Brian, 45, is a physician who served as health and welfare commissioner in California under then-Gov. Ronald Reagan. He formed WNW group for the purpose of taking control of stock owned by Mario Vazquez Rana, the Mexican publisher.
''We purchased for cash - a substantial cash payment - an irrevocable proxy for control of UPI,'' Brian said. Vazquez Rana owns 95 percent of UPI.
Brian refused to say how much money was involved over the 10-year agreement, but he said the amount Vazquez Rana receives will be influenced by what WNW finds in its study.
Vazquez Rana, who paid $41 million to bring UPI out of Chapter 11 protection proceedings in U.S. Bankruptcy Court in June 1986, relinquished all control over the stock. Brian had waged an unsuccessful effort to buy UPI before the company emerged from Chapter 11.
Brian and Steinle said Vazquez Rana reportedly sank $50 million into UPI, which is thought to be losing about $1 million a month.
While the new management studies UPI's financial picture and talks with news executives around the country, Brian said his company will underwrite UPI's losses. ''Yes, it's going to cost a million a month to sit here and do a plan,'' he said.
Brian said it is possible WNW may conclude there is no way to turn around UPI's finances, which presumably could lead to shutting down the agency. He called that scenario a ''low probability.''
Brian is chairman of Infotechnology Inc., also known as Infotech, an electronic communications company based in New York. Infotech's subsidiaries include Financial News Network, a 24-hour cable television service providing stock prices; Data Broadcasing Corp.; Questech Capital Corp.; TV Value Mart Corp.; and Comtex Scientific Corp.
''UPI is into a number of areas that are very synergistic to what Infotech does,'' Brian said. They include computer translations, electronic data base marketing and electronic publishing.
Infotech, which will be a minority shareholder in WNW, is a public company. Brian owns about 13 percent of the company and Merrill Lynch Co., owns about 14.5 percent.
''From Infotech's perspective, we see this as an investment opportunity,'' Brian said. ''We believe this company has a value greater than the amount of money it is losing.''
Brian, who wore a UPI pin in his lapel, said he had other reasons for wanting the company to survive.
''As a conservative Republican, as far as I'm concerned, UPI is an extremely important asset to the American people,'' he told the Los Angeles Times over the weekend.
Once a plan is in hand, Brian said he will look for new investors. They could include UPI's employees, he said. Ultimately, Vazquez Rana's ownership share will be reduced by the infusion of new stockholders, he said.

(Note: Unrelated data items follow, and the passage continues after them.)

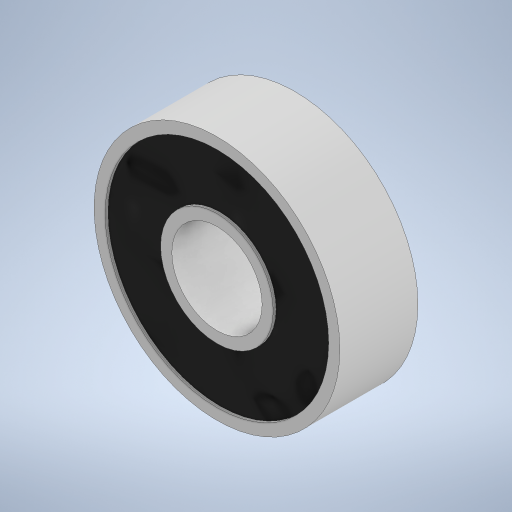
# Autodesk Inventor part: bearing_22x8x7
Saved by Autodesk Inventor 2023 (Build 270158000, 158)
## iProperties
Created: 2023-11-23
Part Number: bearing_22x8x7
Material: Generic
Document SubType Name: Modeling
Designer: aaron
Density: 1 g/cm^3
Appearance: Default
Author: aaron
Autodesk Inventor part; units mm, degrees
ref_plane "YZ Plane" through (0, 0, 0) normal (1, 0, 0) x (0, 1, 0)
ref_plane "XZ Plane" through (0, 0, 0) normal (0, 1, 0) x (-1, 0, 0)
ref_plane "XY Plane" through (0, 0, 0) normal (0, 0, 1) x (1, 0, 0)
sketch "Sketch1" plane through (0, 0, 0) normal (0, 0, 1) x (1, 0, 0)
  circle A0 centre (0, 0) radius 11.025
  circle A1 centre (0, 0) radius 4.05
  dimension "d0" = 22.05
  dimension "d1" = 8.1
  constraints: 2 centre point, 2 coincident
  measures "d0" diameter of A0
  measures "d1" diameter of A1
extrude "Extrusion1" add sketch "Sketch1" along normal blind 7
sketch "Sketch2" plane through (0, 0, 7) normal (0, 0, 1) x (1, 0, 0)
  circle A0 centre (0, 0) radius 5.05
  circle A1 centre (0, 0) radius 10.025
  circle A2 centre (0, 0) radius 11.025 projected
  circle A3 centre (0, 0) radius 4.05 projected
  dimension "d4" = 1
  dimension "d5" = 1
  constraints: 2 centre point, 2 coincident
  measures "d4" radial gap between concentric circles of A1 A2
  measures "d5" radial gap between concentric circles of A3 A0
extrude "Extrusion2" cut sketch "Sketch2" against normal blind 0.25 contours A1
sketch "Sketch3" plane through (0, 0, 0) normal (0, 0, -1) x (-1, 0, 0)
  circle A0 centre (0, 0) radius 10.025 projected
  circle A1 centre (0, 0) radius 5.05 projected
extrude "Extrusion3" cut sketch "Sketch3" against normal blind 0.25
body "Solid1"

Brian was prohibited from buying UPI outright partly because of an agreement the Wire Service Guild, representing the agency's editorial employees, made with Vazquez Rana. That deal calls for the union to have the right of first refusal to buy UPI should Vazquez Rana sell it.
Dan Carmichael, a guild negotiator, said the union will ask Brian to maintain the money-losing company as a ''general, international news'' organization. The company has about 1,400 employees after laying off about 100 people in recent month.
Representatives of the WSG and its parent, The Newspaper Guild, met for about an hour and a half with Steinle on Monday. Carmichael described the meeting as ''businesslike.''
The guild asked for a copy of the financial deal between WNW and Vazquez Rana as well as use of the company's internal message wire for guild purposes.
WSG President Kevin Keane told Steinle that the UPI work force is unsettled because of the fequent turmoil, and allowing the union to communicate with staffers on a timely basis would boost morale, he said.
Steinle said he could not guarantee there would not be layoffs in the future, but he noted a freeze was in effect, a WSG statement said.
Al Rossiter Jr., UPI's executive editor, said ''morale has soared'' since the staff learned of the deal. ''I am very optimistic,'' he said.
Steinle, a former president of Financial News Network, has a long career in journalism, mainly the broadcast industry. Before joining FNN in 1983, he was a news director of KING-TV in Seattle, Wash., and at WIXT-TV in Syracuse, N.Y.
A native of Chillicothe, Ohio, he has also worked for Westinghouse Broadcasting Corp., between 1969 and 1974, covering events in both Hong Kong and Saigon. He has an MBA from Harvard Business School.
UPI was formed in June 1907 by The E.W. Scripps Co., which sold the wire service in 1982 to Media News Corp. The company filed for protection from creditors in April 1985, more than a year before it was bought by Vazquez Rana.